YOUR GOAL:
Transcribe the records below word for word, beginning with the first line and stopping after the line that contains "from ezdxf.enums import"; pictures are not part of the copy.

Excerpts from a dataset

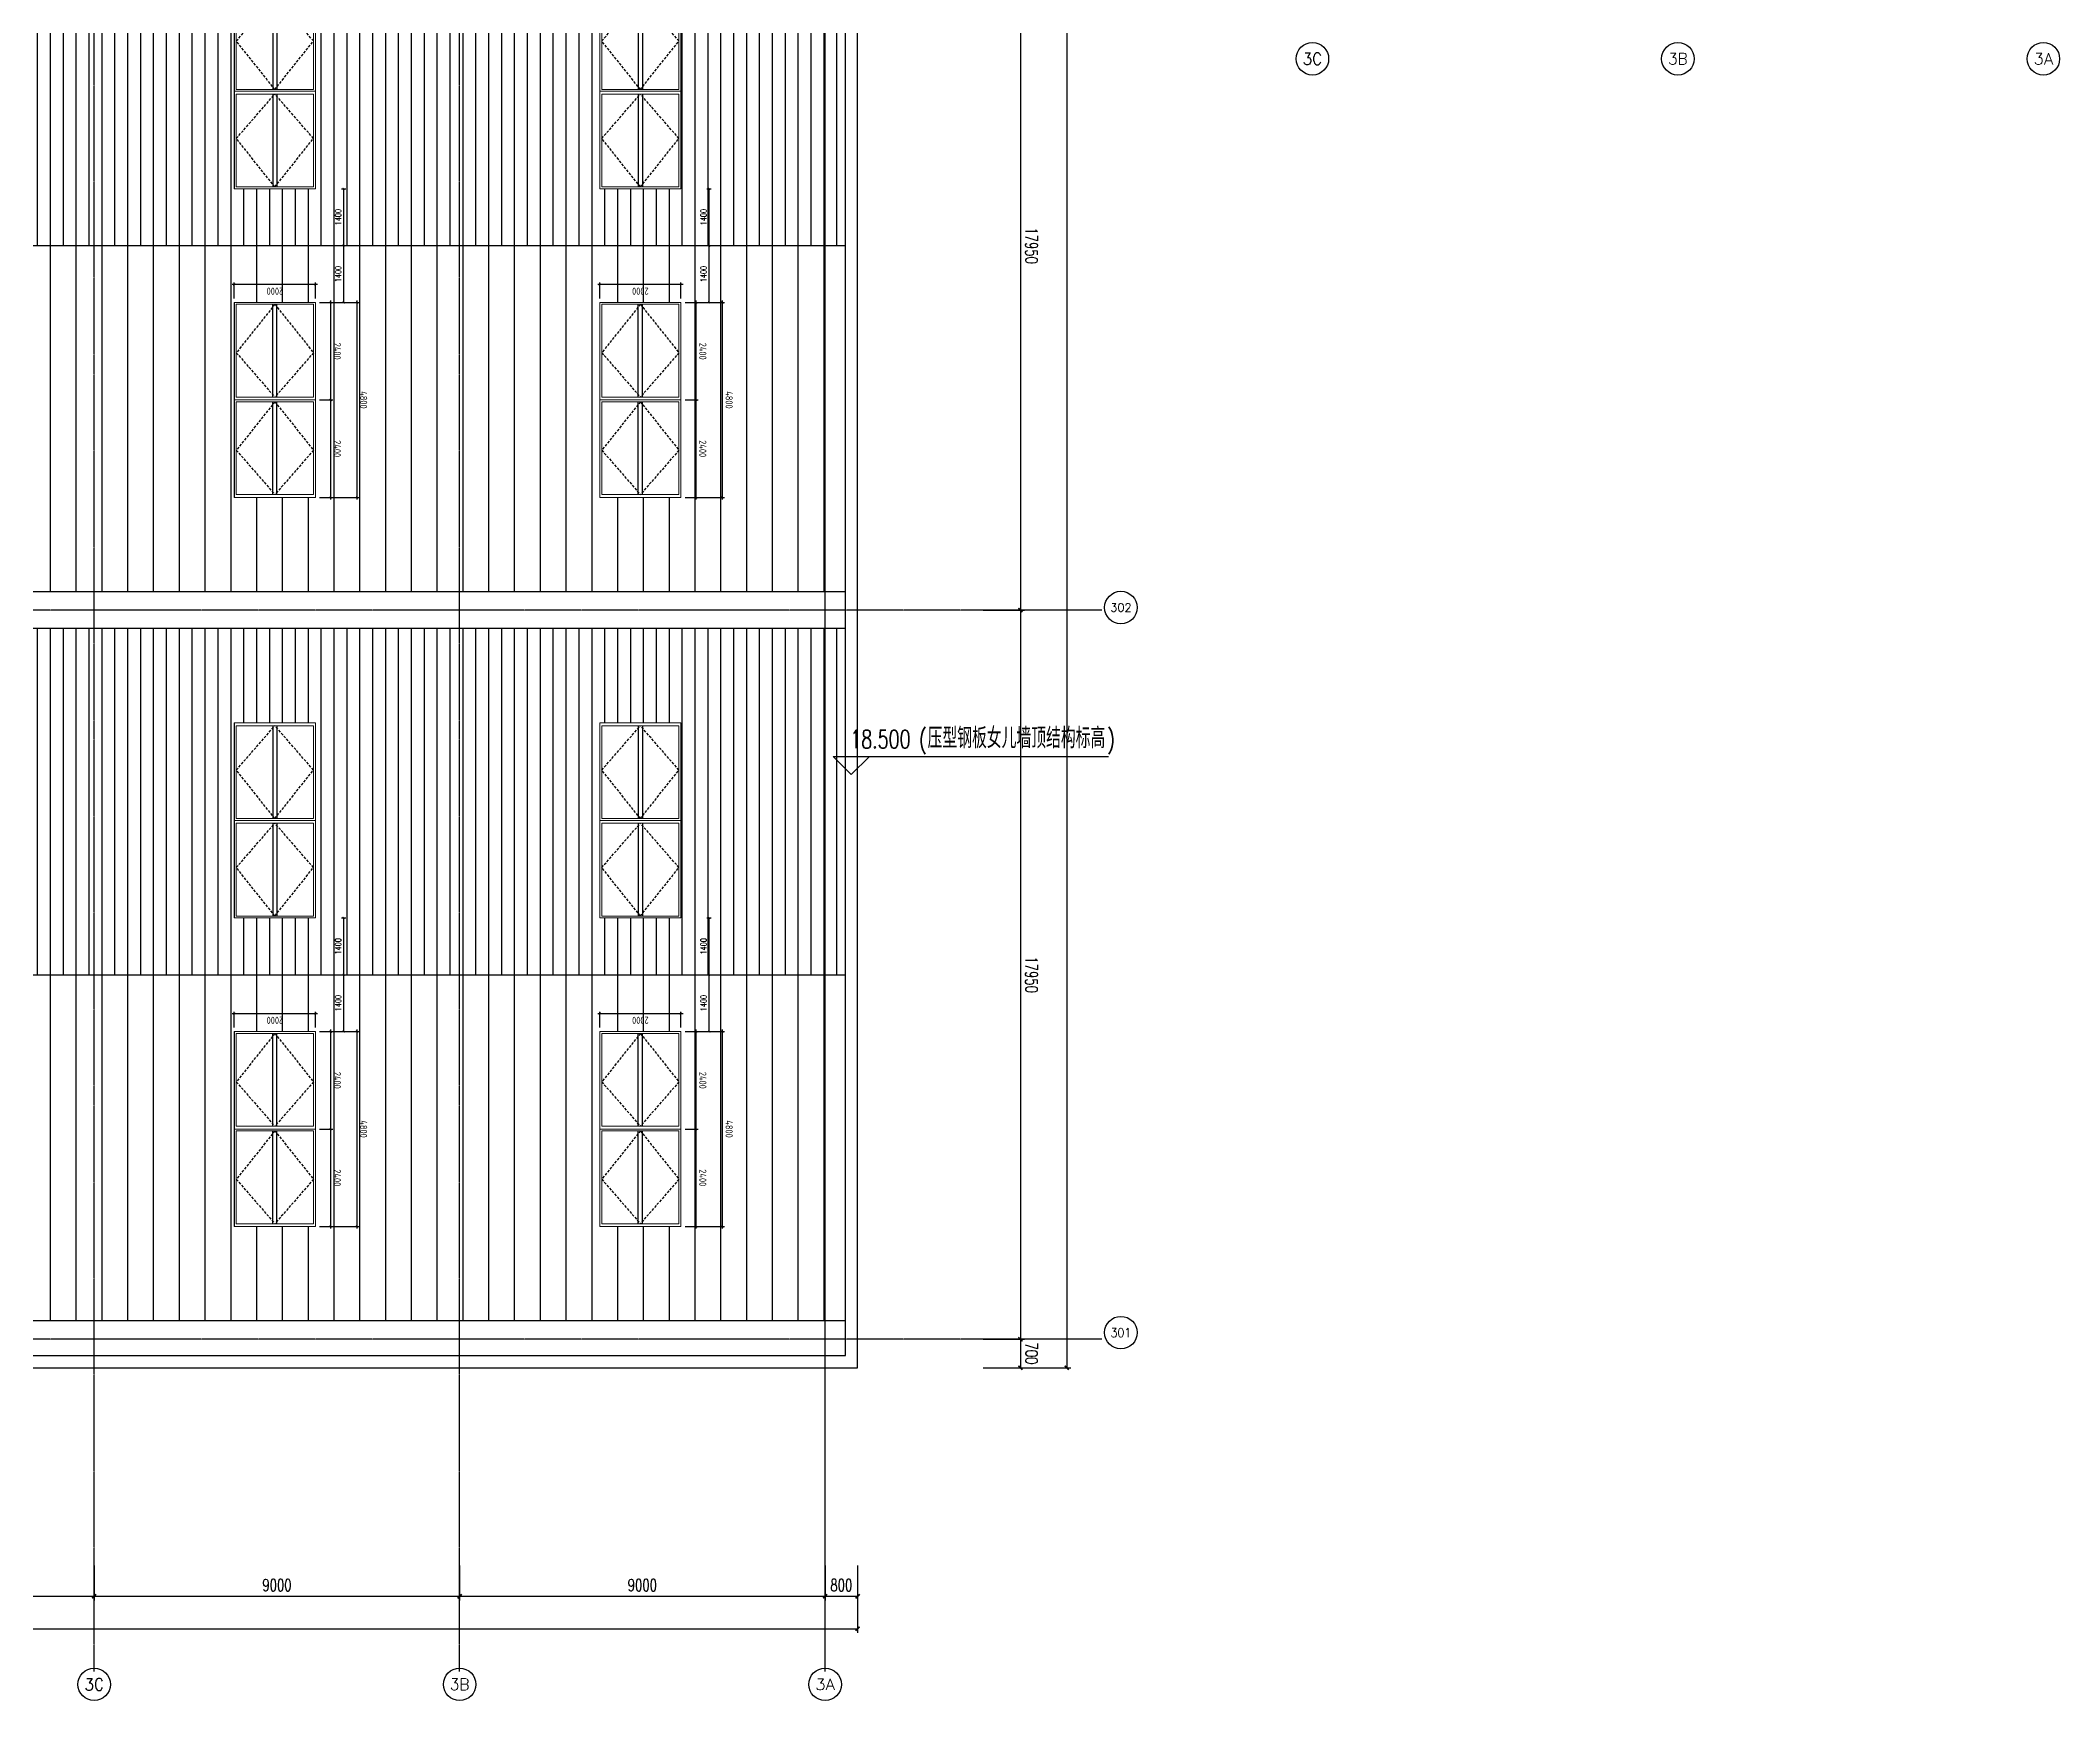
# Model space of a CAD drawing. Extents: x -954573 to 446329, y 489853 to 1226784.
# Drawn here: x 351821 to 401546, y 540024 to 580897 of the extents above; entities that cross this region are included whole.
import ezdxf
from ezdxf.enums import TextEntityAlignment as Align

# ---------------------------------------------------------------- set-up
doc = ezdxf.new("R2010")
doc.units = 0
doc.header["$LTSCALE"] = 10
doc.header["$MEASUREMENT"] = 0
doc.linetypes.add('10平面$0$DOTE', pattern=[2.42, 2, -0.2, 0.02, -0.2])
doc.linetypes.add('10平面$0$HIDDEN', pattern=[9.525, 6.35, -3.175])
doc.layers.get('Defpoints').update_dxf_attribs({"color": 210})
for name, color, linetype in [('10平面$0$A-AXIS-D', 8, 'Continuous'), ('10平面$0$A-AXIS-DOTE', 8, '10平面$0$DOTE'), ('10平面$0$A-AXIS-SYMB', 8, 'Continuous'), ('10平面$0$A-HATCH-2', 8, 'Continuous'), ('10平面$0$A-LIN-V', 8, 'Continuous'), ('10平面$0$A-SFCE', 8, 'Continuous'), ('10平面$0$A-WINDOW', 8, 'Continuous'), ('10平面$0$AS-WALL', 8, 'Continuous'), ('10平面$0$PUB_TEXT', 8, 'Continuous'), ('10平面$0$参考线', 8, 'Continuous'), ('10平面$0$外框', 1, '10平面$0$HIDDEN'), ('A-LIN-V', 9, 'Continuous')]:
    doc.layers.add(name, color=color, linetype=linetype)
doc.layers.add('10平面$0$成型线', color=3, linetype='Continuous', lineweight=18)
doc.styles.add('10平面$0$_TCH_AXIS', font='COMPLEX', dxfattribs={"bigfont": 'GBCBIG'})
doc.styles.add('10平面$0$_TCH_DIM', font='SIMPLEX', dxfattribs={"bigfont": 'GBCBIG'})
doc.styles.add('10平面$0$_TCH_DIM_T3', font='SIMPLEX', dxfattribs={"width": 0.705882, "bigfont": 'GBCBIG'})
doc.styles.add('10平面$0$A-DIM_T3', font='SIMPLEX', dxfattribs={"width": 0.705882, "bigfont": 'GBCBIG'})
doc.styles.add('10平面$0$Standard', font='gbenor.shx', dxfattribs={"bigfont": 'gbcbig.shx'})
doc.dimstyles.new('10平面$0$50', dxfattribs={"dimscale": 50, "dimtxt": 3.5, "dimasz": 1, "dimexe": 1, "dimexo": 2, "dimgap": 1.5, "dimtad": 1, "dimdec": 0, "dimzin": 12, "dimdsep": 46, "dimtxsty": '10平面$0$Standard', "dimblk": '10平面$0$_ArchTick', "dimcen": 0.1, "dimdle": 1, "dimclrd": 3, "dimclre": 3, "dimclrt": 7, "dimadec": 0, "dimazin": 0, "dimtfac": 1, "dimtdec": 0, "dimtix": 1, "dimtmove": 2, "dimatfit": 3, "dimfxl": 0, "dimtolj": 1, "dimtzin": 0, "dimarcsym": 0})
doc.dimstyles.new('10平面$0$_TCH_ARCH&&100', dxfattribs={"dimtxt": 297.5, "dimasz": 100, "dimexe": 100, "dimexo": 100, "dimgap": 126.25, "dimtad": 1, "dimdec": 0, "dimzin": 0, "dimdsep": 46, "dimtxsty": '10平面$0$_TCH_DIM_T3', "dimblk": '10平面$0$_ArchTick', "dimcen": 0.09, "dimclrt": 7, "dimazin": 2, "dimtfac": 1, "dimtdec": 0, "dimtix": 1, "dimtmove": 2, "dimatfit": 3, "dimfxl": 0, "dimtolj": 1, "dimtzin": 0, "dimarcsym": 0})
doc.dimstyles.new('10平面$0$_TCH_ARCH&&50', dxfattribs={"dimtxt": 148.75, "dimasz": 50, "dimexe": 50, "dimexo": 50, "dimgap": 63.125, "dimtad": 1, "dimdec": 0, "dimzin": 0, "dimdsep": 46, "dimtxsty": '10平面$0$_TCH_DIM_T3', "dimblk": '10平面$0$_ArchTick', "dimcen": 0.09, "dimclrt": 7, "dimazin": 2, "dimtfac": 1, "dimtdec": 0, "dimtix": 1, "dimtmove": 2, "dimatfit": 3, "dimfxl": 0, "dimtolj": 1, "dimtzin": 0, "dimarcsym": 0})
doc.dimstyles.new('10平面$0$A-DIM&&100', dxfattribs={"dimtxt": 297.5, "dimasz": 100, "dimexe": 100, "dimexo": 100, "dimgap": 126.25, "dimtad": 1, "dimdec": 0, "dimzin": 0, "dimdsep": 46, "dimtxsty": '10平面$0$A-DIM_T3', "dimblk": '10平面$0$_ArchTick', "dimcen": 0.09, "dimclrt": 7, "dimazin": 2, "dimtfac": 1, "dimtdec": 0, "dimtix": 1, "dimtmove": 2, "dimatfit": 3, "dimfxl": 0, "dimtolj": 1, "dimtzin": 0, "dimarcsym": 0})
pattern_1 = [(90, (-500100, 0), (-635, 0), [])]
pattern_2 = [(90, (-500100, 0), (-317.5, 0), [])]

# ---------------------------------------------------------------- blocks, each defined once
blk = doc.blocks.new('10平面$0$rrrrrrrrrrrrrrrrrrrrr')
at = {"layer": '10平面$0$A-HATCH-2'}
h = blk.add_hatch(dxfattribs=at)
h.set_pattern_fill('ANSI31', color=256, scale=200, angle=45)
h.set_pattern_definition(pattern_2)
h.paths.add_polyline_path([(-266220, 575845), (-133684.3, 575845), (-128454.2, 575845), (-128454.2, 584370), (-308027.2, 584370), (-310793.3, 575845), (-299145.1, 575845)])
h = blk.add_hatch(dxfattribs=at)
h.set_pattern_fill('ANSI31', color=256, scale=400, angle=45)
h.set_pattern_definition(pattern_1)
h.paths.add_polyline_path([(-266220, 575845), (-133684.3, 575845), (-128454.2, 575845), (-128454.2, 567320), (-313254.2, 567335.8), (-313254.2, 568260.6), (-310793.3, 575845), (-278850, 575845)])
h = blk.add_hatch(dxfattribs=at)
h.set_pattern_fill('ANSI31', color=256, scale=200, angle=45)
h.set_pattern_definition(pattern_2)
h.paths.add_polyline_path([(-313254.2, 565520), (-313554.2, 565520), (-313554.2, 557895), (-299145.1, 557895), (-266220, 557895), (-133684.3, 557895), (-128454.2, 557895), (-128454.2, 566420), (-313254.2, 566420)])
h = blk.add_hatch(dxfattribs=at)
h.set_pattern_fill('ANSI31', color=256, scale=400, angle=45)
h.set_pattern_definition(pattern_1)
h.paths.add_polyline_path([(-266220, 557895), (-133684.3, 557895), (-128454.2, 557895), (-128454.2, 549370), (-313554.2, 549370), (-313554.2, 557895), (-278850, 557895)])
at = {"layer": '10平面$0$A-AXIS-SYMB'}
for p, q in [((-128310, 562820), (-128760, 563270)), ((-128760, 563270), (-121980, 563270)), ((-128310, 562820), (-127860, 563270))]:
    blk.add_line(p, q, dxfattribs=at)
at = {"layer": '10平面$0$A-LIN-V'}
for points in [[(-128454.2, 567320), (-313554.2, 567320)], [(-128454.2, 566420), (-313254.2, 566420)], [(-128454.2, 549370), (-313554.2, 549370)]]:
    blk.add_lwpolyline(points, dxfattribs=at)
at = {"layer": '10平面$0$A-SFCE'}
for points in [[(-128154.2, 548220), (-128154.2, 621419.9), (-296321.3, 621420), (-313854.2, 567383.3), (-313854.2, 566370), (-313254.2, 566370)], [(-313554.2, 564570), (-313554.2, 548519.9), (-128454.2, 548519.9), (-128454.2, 621119.9), (-296103.2, 621120), (-313554.2, 567335.8), (-313554.2, 566670), (-313254.2, 566670)], [(-310793.3, 575845), (-128454.2, 575845)], [(-313254.2, 564870), (-313854.2, 564870), (-313854.2, 548219.9), (-128154.2, 548219.9)], [(-313554.2, 557895), (-128454.2, 557895)]]:
    blk.add_lwpolyline(points, dxfattribs=at)
at = {"layer": '10平面$0$PUB_TEXT', "style": '10平面$0$_TCH_DIM', "width": 0.705882}
for s, height, p in [('18.500', 446.25, (-128335, 563470)), ('(', 446.2, (-126640, 563470)), (')', 446.2, (-122006.6, 563470))]:
    blk.add_text(s, height=height, dxfattribs=at).set_placement(p)
at = {"layer": '10平面$0$PUB_TEXT', "style": '10平面$0$_TCH_DIM'}
blk.add_text('压型钢板女儿墙顶结构标高', height=506.383, dxfattribs=at).set_placement((-126430, 563470))
blk = doc.blocks.new('10平面$0$_ArchTick')
at = {"color": 0, "linetype": 'ByBlock', "const_width": 0.4}
blk.add_lwpolyline([(-0.5, -0.5), (0.5, 0.5)], dxfattribs=at)
blk = doc.blocks.new('*D3461')
at = {"layer": 'Defpoints', "color": 3, "lineweight": -2}
for p, q in [((105313, -25069), (105313, -25459)), ((107313, -25069), (107313, -25459)), ((105263, -25409), (107363, -25409))]:
    blk.add_line(p, q, dxfattribs=at)
at = {"layer": 'Defpoints', "color": 0}
for p in [(105313, -24969), (107313, -24969), (107313, -25409)]:
    blk.add_point(p, dxfattribs=at)
at = {"layer": 'Defpoints', "color": 3, "lineweight": -2, "xscale": 50, "yscale": 50, "zscale": 50, "rotation": 180}
blk.add_blockref('10平面$0$_ArchTick', (105313, -25409), dxfattribs=at)
at = {"layer": 'Defpoints', "color": 3, "lineweight": -2, "xscale": 50, "yscale": 50, "zscale": 50}
blk.add_blockref('10平面$0$_ArchTick', (107313, -25409), dxfattribs=at)
at = {"layer": 'Defpoints', "color": 7, "insert": (106313, -25246), "char_height": 175, "attachment_point": 5, "style": '10平面$0$Standard'}
blk.add_mtext('\\A1;2000', dxfattribs=at)
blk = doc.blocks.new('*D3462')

ANSWER:
# Model space of a CAD drawing. Extents: x -954573 to 446329, y 489853 to 1226784.
# Drawn here: x 351821 to 401546, y 540024 to 580897 of the extents above; entities that cross this region are included whole.
import ezdxf
from ezdxf.enums import TextEntityAlignment as Align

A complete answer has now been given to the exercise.